[Data extracted from a collection]
____________
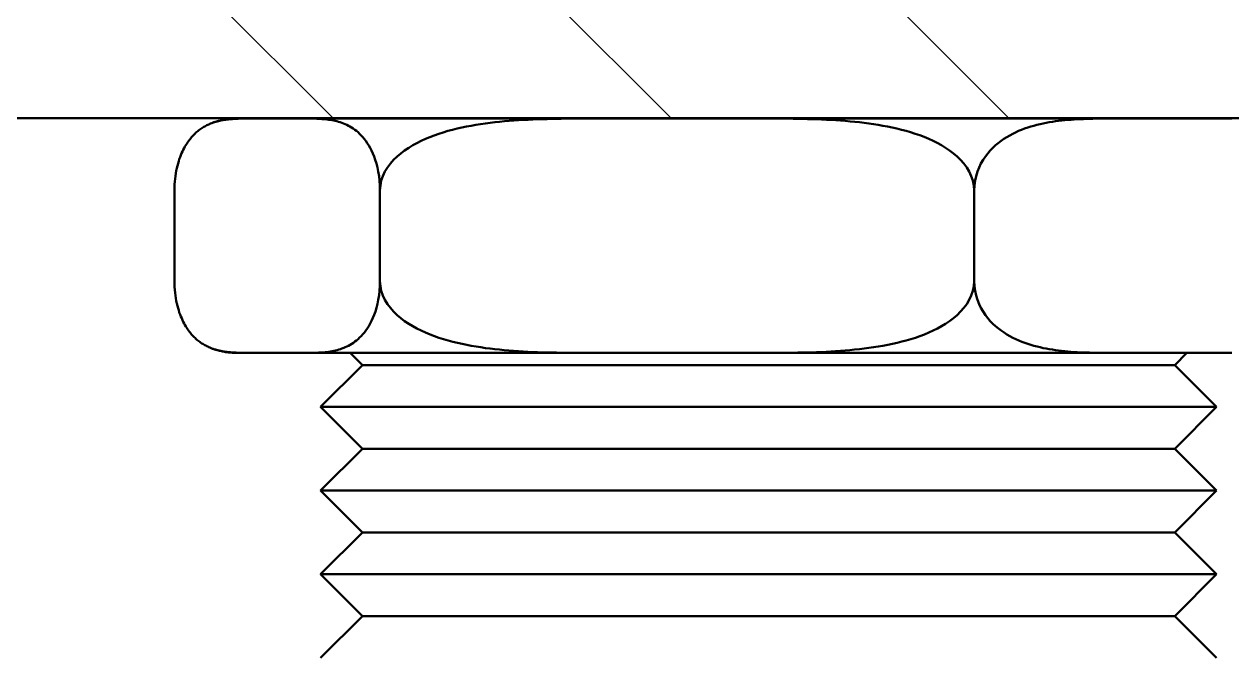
# Model space of a CAD drawing. Header units: millimetres. Extents: x 2 to 418, y 2 to 295.
# Drawn here: x 79.84 to 92.68, y 220.07 to 226.8 of the extents above; entities that cross this region are included whole.
import ezdxf

# ---------------------------------------------------------------- set-up
doc = ezdxf.new("R2010")
doc.units = ezdxf.units.MM
doc.layers.add('SCHRAFFUR', color=7, linetype='Continuous', lineweight=18)
doc.layers.add('SICHTKANTE', color=7, linetype='Continuous', lineweight=50)

msp = doc.modelspace()

# ---------------------------------------------------------------- hatches: boundary and pattern name
at = {"layer": 'SCHRAFFUR'}
h = msp.add_hatch(dxfattribs=at)
h.set_pattern_fill('ANSI31', scale=0.8, angle=90)
h.paths.add_polyline_path([(135, 198.8), (139, 198.8), (135, 198.8), (135, 225.8), (55, 225.8), (55, 198.8), (51, 198.8), (51, 205.8), (50, 205.8), (50, 227.8), (140, 227.8), (140, 205.8), (139, 205.8), (139, 198.8)])

# ---------------------------------------------------------------- linework, layer by layer
at = {"layer": 'SICHTKANTE'}
for p, q in [((135, 225.8), (55, 225.8)), ((82.886, 225.796), (82.173, 225.796)), ((87.81, 225.796), (85.751, 225.796)), ((92.678, 225.796), (91.331, 225.796)), ((81.436, 224.069), (81.436, 225.034)), ((83.622, 224.069), (83.622, 225.034)), ((89.939, 224.069), (89.939, 225.034)), ((82.886, 223.307), (82.173, 223.307)), ((83.435, 223.177), (83.305, 223.307)), ((87.81, 223.307), (85.751, 223.307)), ((92.678, 223.307), (91.331, 223.307)), ((92.071, 223.177), (92.201, 223.307)), ((83.435, 223.177), (82.991, 222.733)), ((92.071, 223.177), (92.516, 222.733)), ((83.435, 222.288), (82.991, 222.733)), ((92.071, 222.288), (92.516, 222.733)), ((83.435, 222.288), (82.991, 221.844)), ((92.071, 222.288), (92.516, 221.844)), ((83.435, 221.399), (82.991, 221.844)), ((92.071, 221.399), (92.516, 221.844)), ((83.435, 221.399), (82.991, 220.955)), ((92.071, 221.399), (92.516, 220.955)), ((83.435, 220.51), (82.991, 220.955)), ((92.071, 220.51), (92.516, 220.955)), ((83.435, 220.51), (82.991, 220.066)), ((92.071, 220.51), (92.516, 220.066))]:
    msp.add_line(p, q, dxfattribs=at)
for points in [[(81.843, 225.752), (81.833, 225.748), (81.822, 225.744), (81.812, 225.74), (81.801, 225.735), (81.791, 225.73), (81.78, 225.725), (81.769, 225.72), (81.759, 225.714), (81.749, 225.708), (81.738, 225.701), (81.728, 225.695), (81.717, 225.688), (81.707, 225.68), (81.697, 225.673), (81.686, 225.664), (81.676, 225.656), (81.666, 225.647), (81.656, 225.638), (81.646, 225.628), (81.636, 225.617), (81.626, 225.607), (81.616, 225.595), (81.606, 225.583), (81.596, 225.571), (81.586, 225.558), (81.577, 225.544), (81.567, 225.53), (81.558, 225.515), (81.549, 225.499), (81.539, 225.483), (81.531, 225.466), (81.522, 225.447), (81.513, 225.429), (81.505, 225.409), (81.497, 225.388), (81.489, 225.367), (81.482, 225.344), (81.475, 225.32), (81.468, 225.296), (81.462, 225.27), (81.456, 225.243), (81.451, 225.215), (81.447, 225.186), (81.443, 225.157), (81.44, 225.127), (81.438, 225.096), (81.437, 225.065), (81.436, 225.034)], [(82.173, 225.796), (82.166, 225.796), (82.159, 225.796), (82.152, 225.796), (82.145, 225.796), (82.139, 225.796), (82.132, 225.796), (82.125, 225.796), (82.118, 225.796), (82.111, 225.795), (82.104, 225.795), (82.097, 225.795), (82.09, 225.795), (82.083, 225.794), (82.077, 225.794), (82.07, 225.794), (82.063, 225.793), (82.056, 225.793), (82.049, 225.792), (82.042, 225.792), (82.035, 225.791), (82.028, 225.79), (82.022, 225.79), (82.015, 225.789), (82.008, 225.788), (82.001, 225.788), (81.994, 225.787), (81.987, 225.786), (81.98, 225.785), (81.973, 225.784), (81.966, 225.783), (81.96, 225.782), (81.953, 225.78), (81.946, 225.779), (81.939, 225.778), (81.932, 225.777), (81.925, 225.775), (81.918, 225.774), (81.912, 225.772), (81.905, 225.77), (81.898, 225.769), (81.891, 225.767), (81.884, 225.765), (81.877, 225.763), (81.871, 225.761), (81.864, 225.759), (81.857, 225.757), (81.85, 225.754), (81.843, 225.752)], [(81.843, 225.752), (81.854, 225.756), (81.864, 225.759), (81.874, 225.762), (81.885, 225.765), (81.896, 225.768), (81.906, 225.771), (81.917, 225.774), (81.927, 225.777), (81.938, 225.779), (81.949, 225.781), (81.96, 225.783), (81.97, 225.785), (81.981, 225.787), (81.991, 225.789), (82.002, 225.79), (82.012, 225.791), (82.023, 225.792), (82.033, 225.793), (82.044, 225.794), (82.055, 225.795), (82.065, 225.795), (82.076, 225.796), (82.086, 225.796), (82.097, 225.796), (82.098, 225.796), (82.099, 225.796), (82.099, 225.796), (82.099, 225.796), (82.099, 225.796), (82.099, 225.796), (82.099, 225.796), (82.099, 225.796), (82.099, 225.796), (82.1, 225.796), (82.1, 225.796), (82.099, 225.796), (82.105, 225.796), (82.121, 225.796), (82.147, 225.796), (82.184, 225.796), (82.23, 225.796), (82.287, 225.796), (82.353, 225.796), (82.429, 225.796), (82.515, 225.796), (82.61, 225.796), (82.715, 225.796), (82.828, 225.796)], [(82.828, 225.796), (82.79, 225.796), (82.752, 225.796), (82.716, 225.796), (82.68, 225.796), (82.645, 225.796), (82.612, 225.796), (82.579, 225.796), (82.548, 225.796), (82.517, 225.796), (82.488, 225.796), (82.459, 225.796), (82.432, 225.796), (82.405, 225.796), (82.38, 225.796), (82.356, 225.796), (82.333, 225.796), (82.311, 225.796), (82.29, 225.796), (82.27, 225.796), (82.251, 225.796), (82.233, 225.796), (82.217, 225.796), (82.201, 225.796), (82.187, 225.796), (82.173, 225.796), (82.161, 225.796), (82.15, 225.796), (82.14, 225.796), (82.131, 225.796), (82.123, 225.796), (82.116, 225.796), (82.111, 225.796), (82.106, 225.796), (82.103, 225.796), (82.101, 225.796), (82.099, 225.796), (82.099, 225.796), (82.101, 225.796), (82.103, 225.796), (82.106, 225.796), (82.111, 225.796), (82.116, 225.796), (82.123, 225.796), (82.131, 225.796), (82.14, 225.796), (82.15, 225.796), (82.161, 225.796), (82.173, 225.796)], [(83.622, 225.034), (83.621, 225.086), (83.617, 225.137), (83.612, 225.186), (83.604, 225.233), (83.595, 225.277), (83.584, 225.319), (83.572, 225.357), (83.56, 225.393), (83.546, 225.426), (83.532, 225.457), (83.517, 225.486), (83.502, 225.512), (83.487, 225.537), (83.471, 225.56), (83.455, 225.581), (83.438, 225.6), (83.422, 225.618), (83.405, 225.635), (83.389, 225.651), (83.372, 225.665), (83.355, 225.678), (83.338, 225.69), (83.321, 225.701), (83.303, 225.712), (83.286, 225.721), (83.269, 225.73), (83.252, 225.738), (83.234, 225.745), (83.217, 225.752), (83.199, 225.757), (83.182, 225.763), (83.165, 225.768), (83.147, 225.772), (83.13, 225.776), (83.112, 225.779), (83.095, 225.782), (83.077, 225.785), (83.06, 225.787), (83.043, 225.789), (83.025, 225.791), (83.008, 225.792), (82.99, 225.793), (82.973, 225.794), (82.955, 225.795), (82.938, 225.796), (82.92, 225.796), (82.903, 225.796), (82.886, 225.796)], [(82.886, 225.796), (82.927, 225.796), (82.968, 225.796), (83.011, 225.796), (83.055, 225.796), (83.1, 225.796), (83.145, 225.796), (83.192, 225.796), (83.239, 225.796), (83.288, 225.796), (83.337, 225.796), (83.387, 225.796), (83.438, 225.796), (83.49, 225.796), (83.542, 225.796), (83.596, 225.796), (83.65, 225.796), (83.705, 225.796), (83.761, 225.796), (83.818, 225.796), (83.875, 225.796), (83.934, 225.796), (83.993, 225.796), (84.052, 225.796), (84.113, 225.796), (84.174, 225.796), (84.236, 225.796), (84.299, 225.796), (84.362, 225.796), (84.426, 225.796), (84.49, 225.796), (84.556, 225.796), (84.622, 225.796), (84.688, 225.796), (84.755, 225.796), (84.823, 225.796), (84.891, 225.796), (84.96, 225.796), (85.03, 225.796), (85.1, 225.796), (85.17, 225.796), (85.241, 225.796), (85.312, 225.796), (85.384, 225.796), (85.457, 225.796), (85.53, 225.796), (85.603, 225.796), (85.677, 225.796), (85.751, 225.796)], [(89.378, 225.796), (89.197, 225.796), (89.015, 225.796), (88.83, 225.796), (88.643, 225.796), (88.456, 225.796), (88.266, 225.796), (88.077, 225.796), (87.886, 225.796), (87.696, 225.796), (87.505, 225.796), (87.315, 225.796), (87.126, 225.796), (86.937, 225.796), (86.75, 225.796), (86.565, 225.796), (86.381, 225.796), (86.2, 225.796), (86.021, 225.796), (85.845, 225.796), (85.672, 225.796), (85.502, 225.796), (85.336, 225.796), (85.173, 225.796), (85.015, 225.796), (84.861, 225.796), (84.712, 225.796), (84.568, 225.796), (84.428, 225.796), (84.294, 225.796), (84.166, 225.796), (84.043, 225.796), (83.927, 225.796), (83.816, 225.796), (83.712, 225.796), (83.614, 225.796), (83.522, 225.796), (83.438, 225.796), (83.36, 225.796), (83.289, 225.796), (83.226, 225.796), (83.17, 225.796), (83.121, 225.796), (83.079, 225.796), (83.045, 225.796), (83.018, 225.796), (82.999, 225.796), (82.988, 225.796), (82.984, 225.796)], [(82.984, 225.796), (82.984, 225.796), (82.985, 225.796), (82.986, 225.796), (82.987, 225.796), (82.989, 225.796), (82.991, 225.796), (82.993, 225.796), (82.996, 225.796), (82.999, 225.796), (83.002, 225.796), (83.006, 225.796), (83.01, 225.796), (83.014, 225.796), (83.019, 225.796), (83.024, 225.796), (83.03, 225.796), (83.035, 225.796), (83.042, 225.796), (83.048, 225.796), (83.055, 225.796), (83.062, 225.796), (83.07, 225.796), (83.078, 225.796), (83.086, 225.796), (83.095, 225.796), (83.104, 225.796), (83.113, 225.796), (83.123, 225.796), (83.133, 225.796), (83.143, 225.796), (83.154, 225.796), (83.165, 225.796), (83.176, 225.796), (83.188, 225.796), (83.2, 225.796), (83.212, 225.796), (83.225, 225.796), (83.238, 225.796), (83.251, 225.796), (83.265, 225.796), (83.279, 225.796), (83.294, 225.796), (83.308, 225.796), (83.323, 225.796), (83.339, 225.796), (83.354, 225.796), (83.37, 225.796), (83.387, 225.796)], [(85.751, 225.796), (85.701, 225.796), (85.65, 225.796), (85.6, 225.796), (85.549, 225.795), (85.499, 225.794), (85.448, 225.793), (85.398, 225.792), (85.347, 225.791), (85.297, 225.789), (85.246, 225.787), (85.196, 225.785), (85.146, 225.782), (85.095, 225.779), (85.045, 225.776), (84.994, 225.772), (84.944, 225.768), (84.893, 225.763), (84.843, 225.757), (84.792, 225.751), (84.742, 225.745), (84.692, 225.737), (84.642, 225.729), (84.592, 225.721), (84.542, 225.711), (84.492, 225.701), (84.443, 225.69), (84.393, 225.678), (84.344, 225.665), (84.295, 225.65), (84.247, 225.635), (84.199, 225.618), (84.152, 225.6), (84.105, 225.581), (84.059, 225.56), (84.014, 225.537), (83.97, 225.513), (83.927, 225.487), (83.884, 225.458), (83.843, 225.427), (83.804, 225.394), (83.767, 225.358), (83.733, 225.319), (83.702, 225.278), (83.675, 225.233), (83.653, 225.186), (83.636, 225.137), (83.626, 225.086), (83.622, 225.034)], [(89.939, 225.034), (89.935, 225.086), (89.925, 225.137), (89.908, 225.186), (89.886, 225.233), (89.859, 225.278), (89.829, 225.319), (89.794, 225.358), (89.758, 225.394), (89.718, 225.427), (89.677, 225.458), (89.635, 225.487), (89.591, 225.513), (89.546, 225.538), (89.501, 225.56), (89.455, 225.581), (89.408, 225.601), (89.36, 225.619), (89.312, 225.636), (89.263, 225.651), (89.215, 225.665), (89.165, 225.678), (89.116, 225.69), (89.067, 225.701), (89.017, 225.712), (88.968, 225.721), (88.918, 225.73), (88.869, 225.738), (88.819, 225.745), (88.769, 225.751), (88.719, 225.757), (88.669, 225.763), (88.619, 225.767), (88.568, 225.772), (88.518, 225.776), (88.468, 225.779), (88.417, 225.782), (88.367, 225.785), (88.316, 225.787), (88.266, 225.789), (88.215, 225.791), (88.165, 225.792), (88.114, 225.793), (88.063, 225.794), (88.013, 225.795), (87.962, 225.796), (87.911, 225.796), (87.861, 225.796), (87.81, 225.796)], [(87.81, 225.796), (87.85, 225.796), (87.89, 225.796), (87.93, 225.796), (87.969, 225.796), (88.009, 225.796), (88.049, 225.796), (88.088, 225.796), (88.128, 225.796), (88.168, 225.796), (88.207, 225.796), (88.247, 225.796), (88.287, 225.796), (88.326, 225.796), (88.366, 225.796), (88.405, 225.796), (88.445, 225.796), (88.484, 225.796), (88.524, 225.796), (88.563, 225.796), (88.602, 225.796), (88.642, 225.796), (88.681, 225.796), (88.72, 225.796), (88.759, 225.796), (88.798, 225.796), (88.837, 225.796), (88.876, 225.796), (88.915, 225.796), (88.954, 225.796), (88.993, 225.796), (89.032, 225.796), (89.07, 225.796), (89.109, 225.796), (89.148, 225.796), (89.186, 225.796), (89.225, 225.796), (89.263, 225.796), (89.301, 225.796), (89.339, 225.796), (89.377, 225.796), (89.416, 225.796), (89.453, 225.796), (89.491, 225.796), (89.529, 225.796), (89.567, 225.796), (89.604, 225.796), (89.642, 225.796), (89.679, 225.796)], [(92.522, 225.796), (92.52, 225.796), (92.516, 225.796), (92.508, 225.796), (92.497, 225.796), (92.483, 225.796), (92.466, 225.796), (92.446, 225.796), (92.423, 225.796), (92.397, 225.796), (92.368, 225.796), (92.336, 225.796), (92.301, 225.796), (92.263, 225.796), (92.222, 225.796), (92.178, 225.796), (92.131, 225.796), (92.081, 225.796), (92.029, 225.796), (91.974, 225.796), (91.916, 225.796), (91.855, 225.796), (91.792, 225.796), (91.726, 225.796), (91.658, 225.796), (91.587, 225.796), (91.513, 225.796), (91.437, 225.796), (91.359, 225.796), (91.278, 225.796), (91.195, 225.796), (91.11, 225.796), (91.022, 225.796), (90.933, 225.796), (90.841, 225.796), (90.748, 225.796), (90.652, 225.796), (90.555, 225.796), (90.456, 225.796), (90.355, 225.796), (90.252, 225.796), (90.148, 225.796), (90.042, 225.796), (89.934, 225.796), (89.826, 225.796), (89.716, 225.796), (89.604, 225.796), (89.492, 225.796), (89.378, 225.796)], [(89.679, 225.796), (89.717, 225.796), (89.754, 225.796), (89.791, 225.796), (89.828, 225.796), (89.865, 225.796), (89.902, 225.796), (89.939, 225.796), (89.975, 225.796), (90.012, 225.796), (90.048, 225.796), (90.084, 225.796), (90.121, 225.796), (90.157, 225.796), (90.193, 225.796), (90.228, 225.796), (90.264, 225.796), (90.3, 225.796), (90.335, 225.796), (90.37, 225.796), (90.406, 225.796), (90.441, 225.796), (90.476, 225.796), (90.51, 225.796), (90.545, 225.796), (90.579, 225.796), (90.614, 225.796), (90.648, 225.796), (90.682, 225.796), (90.716, 225.796), (90.75, 225.796), (90.784, 225.796), (90.817, 225.796), (90.85, 225.796), (90.884, 225.796), (90.917, 225.796), (90.949, 225.796), (90.982, 225.796), (91.015, 225.796), (91.047, 225.796), (91.079, 225.796), (91.111, 225.796), (91.143, 225.796), (91.175, 225.796), (91.207, 225.796), (91.238, 225.796), (91.269, 225.796), (91.3, 225.796), (91.331, 225.796)], [(91.331, 225.796), (91.298, 225.796), (91.265, 225.796), (91.232, 225.796), (91.199, 225.795), (91.166, 225.794), (91.133, 225.793), (91.1, 225.792), (91.067, 225.791), (91.034, 225.789), (91.001, 225.787), (90.968, 225.785), (90.935, 225.782), (90.902, 225.779), (90.869, 225.776), (90.836, 225.772), (90.803, 225.768), (90.77, 225.763), (90.737, 225.757), (90.704, 225.751), (90.671, 225.745), (90.639, 225.737), (90.606, 225.729), (90.573, 225.721), (90.54, 225.711), (90.508, 225.701), (90.475, 225.69), (90.443, 225.678), (90.411, 225.665), (90.379, 225.65), (90.348, 225.635), (90.316, 225.618), (90.285, 225.6), (90.255, 225.581), (90.225, 225.56), (90.195, 225.537), (90.167, 225.513), (90.138, 225.487), (90.11, 225.458), (90.084, 225.427), (90.058, 225.394), (90.034, 225.358), (90.011, 225.319), (89.991, 225.278), (89.974, 225.233), (89.959, 225.186), (89.948, 225.137), (89.941, 225.086), (89.939, 225.034)], [(92.119, 225.796), (92.136, 225.796), (92.152, 225.796), (92.167, 225.796), (92.183, 225.796), (92.198, 225.796), (92.213, 225.796), (92.227, 225.796), (92.241, 225.796), (92.255, 225.796), (92.268, 225.796), (92.281, 225.796), (92.294, 225.796), (92.306, 225.796), (92.318, 225.796), (92.33, 225.796), (92.342, 225.796), (92.353, 225.796), (92.363, 225.796), (92.374, 225.796), (92.384, 225.796), (92.393, 225.796), (92.403, 225.796), (92.412, 225.796), (92.42, 225.796), (92.428, 225.796), (92.436, 225.796), (92.444, 225.796), (92.451, 225.796), (92.458, 225.796), (92.465, 225.796), (92.471, 225.796), (92.477, 225.796), (92.482, 225.796), (92.487, 225.796), (92.492, 225.796), (92.496, 225.796), (92.5, 225.796), (92.504, 225.796), (92.508, 225.796), (92.511, 225.796), (92.513, 225.796), (92.516, 225.796), (92.517, 225.796), (92.519, 225.796), (92.52, 225.796), (92.521, 225.796), (92.522, 225.796), (92.522, 225.796)], [(92.621, 225.796), (92.611, 225.796), (92.602, 225.796), (92.593, 225.796), (92.583, 225.796), (92.574, 225.796), (92.564, 225.796), (92.554, 225.796), (92.545, 225.796), (92.535, 225.796), (92.525, 225.796), (92.516, 225.796), (92.506, 225.796), (92.496, 225.796), (92.486, 225.796), (92.476, 225.796), (92.466, 225.796), (92.456, 225.796), (92.446, 225.796), (92.435, 225.796), (92.425, 225.796), (92.415, 225.796), (92.405, 225.796), (92.394, 225.796), (92.384, 225.796), (92.373, 225.796), (92.363, 225.796), (92.352, 225.796), (92.342, 225.796), (92.331, 225.796), (92.32, 225.796), (92.309, 225.796), (92.299, 225.796), (92.288, 225.796), (92.277, 225.796), (92.266, 225.796), (92.255, 225.796), (92.244, 225.796), (92.233, 225.796), (92.222, 225.796), (92.21, 225.796), (92.199, 225.796), (92.188, 225.796), (92.177, 225.796), (92.165, 225.796), (92.154, 225.796), (92.142, 225.796), (92.131, 225.796), (92.119, 225.796)], [(81.436, 224.069), (81.437, 224.038), (81.438, 224.007), (81.44, 223.976), (81.443, 223.945), (81.447, 223.916), (81.451, 223.887), (81.456, 223.859), (81.462, 223.832), (81.468, 223.807), (81.475, 223.782), (81.482, 223.759), (81.489, 223.736), (81.497, 223.714), (81.505, 223.694), (81.514, 223.674), (81.522, 223.655), (81.531, 223.637), (81.54, 223.62), (81.549, 223.603), (81.558, 223.588), (81.568, 223.573), (81.577, 223.558), (81.587, 223.545), (81.596, 223.532), (81.606, 223.519), (81.616, 223.507), (81.626, 223.496), (81.636, 223.485), (81.646, 223.475), (81.656, 223.465), (81.666, 223.456), (81.676, 223.447), (81.687, 223.439), (81.697, 223.43), (81.707, 223.423), (81.717, 223.415), (81.728, 223.408), (81.738, 223.402), (81.749, 223.395), (81.759, 223.389), (81.77, 223.384), (81.78, 223.378), (81.791, 223.373), (81.801, 223.368), (81.812, 223.364), (81.822, 223.359), (81.833, 223.355), (81.843, 223.351)], [(82.886, 223.307), (82.903, 223.307), (82.921, 223.307), (82.938, 223.308), (82.956, 223.308), (82.973, 223.309), (82.991, 223.31), (83.008, 223.311), (83.026, 223.312), (83.043, 223.314), (83.061, 223.316), (83.078, 223.318), (83.096, 223.321), (83.113, 223.324), (83.131, 223.328), (83.148, 223.332), (83.166, 223.336), (83.183, 223.341), (83.201, 223.346), (83.218, 223.352), (83.236, 223.359), (83.253, 223.366), (83.27, 223.374), (83.287, 223.383), (83.305, 223.392), (83.322, 223.403), (83.339, 223.414), (83.356, 223.426), (83.373, 223.439), (83.39, 223.454), (83.406, 223.469), (83.423, 223.486), (83.439, 223.504), (83.456, 223.524), (83.472, 223.545), (83.488, 223.568), (83.503, 223.592), (83.518, 223.619), (83.533, 223.647), (83.547, 223.678), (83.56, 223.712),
____________
About this exercise:
Whichever lines of the data include the word "lineweight", pull them out.

Completed exercise:
doc.layers.add('SCHRAFFUR', color=7, linetype='Continuous', lineweight=18)
doc.layers.add('SICHTKANTE', color=7, linetype='Continuous', lineweight=50)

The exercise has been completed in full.